Exercise goal: Look at the data below and print exactly the lines from its first line through the line with "v3: diameter 2, hole"; the pictures stay out of the copy.

(Stored records)
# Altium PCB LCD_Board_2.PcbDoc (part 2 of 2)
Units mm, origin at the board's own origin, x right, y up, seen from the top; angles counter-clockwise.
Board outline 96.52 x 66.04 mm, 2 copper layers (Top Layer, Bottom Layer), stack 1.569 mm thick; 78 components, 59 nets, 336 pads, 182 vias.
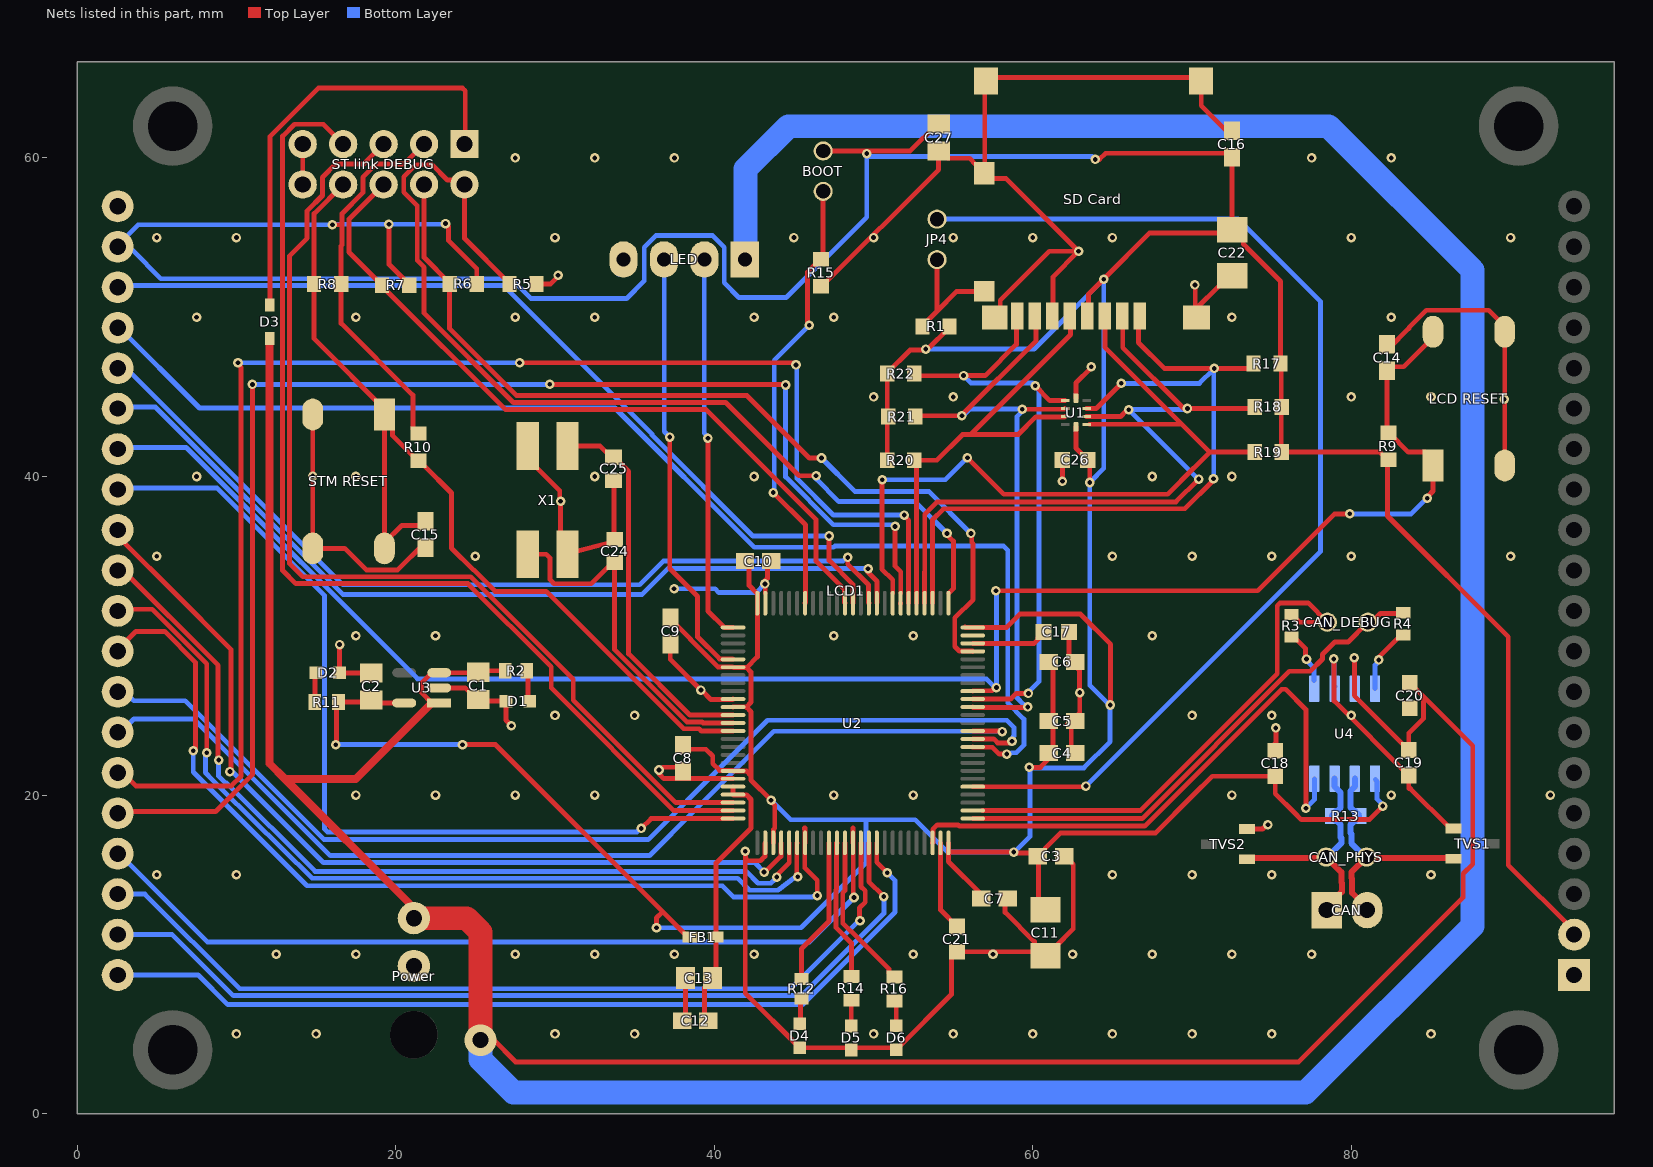
[diagram p2: the nets of this part, all layers, seen from the top]

## Via types
v1: diameter 0.6, hole 0.3, Top Layer to Bottom Layer, tented both sides, 178 vias
v2: diameter 0.6, hole 0.3, Top Layer to Bottom Layer, 3 vias
v3: diameter 2, hole 1, Top Layer to Bottom Layer, tented both sides, 1 vias

## Nets (pads, with @x,y where several pads share a name; then routed paths per layer and width w, separated by ;. In a path a pad name is that pad's centre, name@x,y a point inside that pad or via, vN(x,y) a via of type N, cw(c..) or ccw(c..) an arc to the next point about the centre after c; other vN are vias at no path point)
3V3: "SD Card.4" "ST link DEBUG.2" BOOT.1 C2.1 C3.2 C4.2 C5.2 C6.2 C7.2 C8.2 C9.2 C10.2 C11.2 C16.2 C18.2 C22.2 C26.1 C27.2 FB1.1 LCD1.2 LCD1.22 R1.2 R6.2 R7.2 R8.2 R9.2 R10.2 R11.1 R17.2 R18.2 R19.2 R20.2 R21.2 R22.2 U1.10 U2.6 U2.11 U2.19 U2.28 U2.50 U2.75 U2.100 U3.5 U4.5 | length 452.8
  Top Layer w0.305: v1(16.027,55.804) 16.637,55.804 ; v1(16.24,23.165) 16.24,23.263 16.277,23.3 16.277,25.706 R11.1@16.412,25.842 18.583,25.842 18.644,25.781 U3.5@20.531,25.781 ; v1(19.577,55.842) 19.577,53.32 20.841,52.056 R7.2@20.841,52.006 ; R10.2@21.425,42.696 21.375,42.696 21.077,42.993 21.077,45.112 16.573,49.616 R8.2@16.573,52.083 16.573,54.481 16.637,54.545 16.637,55.804 ; 21.78,60.871 20.539,59.63 18.783,59.63 17.942,58.788 17.942,57.817 16.637,56.512 16.637,55.804 ; v1(23.127,55.88) 23.311,55.695 23.311,54.826 25.084,53.053 R6.2@25.084,52.095 ; v1(24.194,23.165) 26.264,23.165 36.754,12.675 ; v1(36.373,11.671) 36.373,12.293 36.754,12.675 ; C9.2@37.257,31.12 37.257,31.047 37.61,30.694 37.613,30.694 38.517,29.79 38.517,29.751 40.221,28.046 41.157,28.046 U2.6@41.18,28.024 41.202,28.001 42.027,28.001 ; C8.2@37.963,23.172 38.256,22.88 39.478,22.88 39.905,22.453 39.905,21.973 40.332,21.546 41.157,21.546 U2.19@41.18,21.524 41.202,21.501 42.027,21.501 42.307,21.221 ; FB1.1@38.466,11.087 38.342,11.087 36.754,12.675 ; U2.11@41.18,25.524 41.202,25.546 42.027,25.546 42.307,25.826 42.307,27.721 42.027,28.001 ; 42.027,25.501 42.307,25.221 42.307,21.221 ; C10.2@42.182,34.684 42.182,33.166 42.705,32.644 U2.100@42.705,32.049 42.705,28.678 42.027,28.001 ; v1(43.568,19.677) 42.307,20.938 42.307,21.221 ; v1@43.652,19.593 43.624,19.566 43.624,19.541 43.797,19.368 43.797,17.917 43.727,17.846 43.727,17.021 U2.28@43.704,16.999 ; BOOT.1@46.838,60.439 v1@49.57,60.439 ; v1(49.57,60.273) v1@49.57,60.439 ; R20.2@50.863,41.021 R22.2@50.863,46.457 50.863,46.507 52.298,47.942 53.338,47.942 54.773,49.377 R1.2@54.773,49.427 ; C27.2@54.089,62.126 53.989,62.126 52.303,60.439 v1@49.57,60.439 ; U2.50@54.705,16.999 U2.50@54.705,16.445 ; U2.75@55.732,30.551 55.759,30.524 U2.75@56.23,30.524 58.351,30.524 59.19,31.363 62.993,31.363 64.884,29.472 v1@64.884,25.679 ; C7.2@57.016,13.5 57.016,13.6 56.856,13.76 56.756,13.76 54.705,15.812 U2.50@54.705,16.445 ; v1@58.744,16.365 60.114,16.365 C3.2@60.321,16.158 ; v1@58.864,16.418 54.732,16.418 U2.50@54.705,16.445 ; v1(59.78,21.74) 60.473,21.74 61.265,22.531 C6.2@61.265,28.359 ; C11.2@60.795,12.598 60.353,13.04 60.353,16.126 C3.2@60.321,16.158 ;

Answer to the problem:
# Altium PCB LCD_Board_2.PcbDoc (part 2 of 2)
Units mm, origin at the board's own origin, x right, y up, seen from the top; angles counter-clockwise.
Board outline 96.52 x 66.04 mm, 2 copper layers (Top Layer, Bottom Layer), stack 1.569 mm thick; 78 components, 59 nets, 336 pads, 182 vias.
[diagram p2: the nets of this part, all layers, seen from the top]

## Via types
v1: diameter 0.6, hole 0.3, Top Layer to Bottom Layer, tented both sides, 178 vias
v2: diameter 0.6, hole 0.3, Top Layer to Bottom Layer, 3 vias
v3: diameter 2, hole 1, Top Layer to Bottom Layer, tented both sides, 1 vias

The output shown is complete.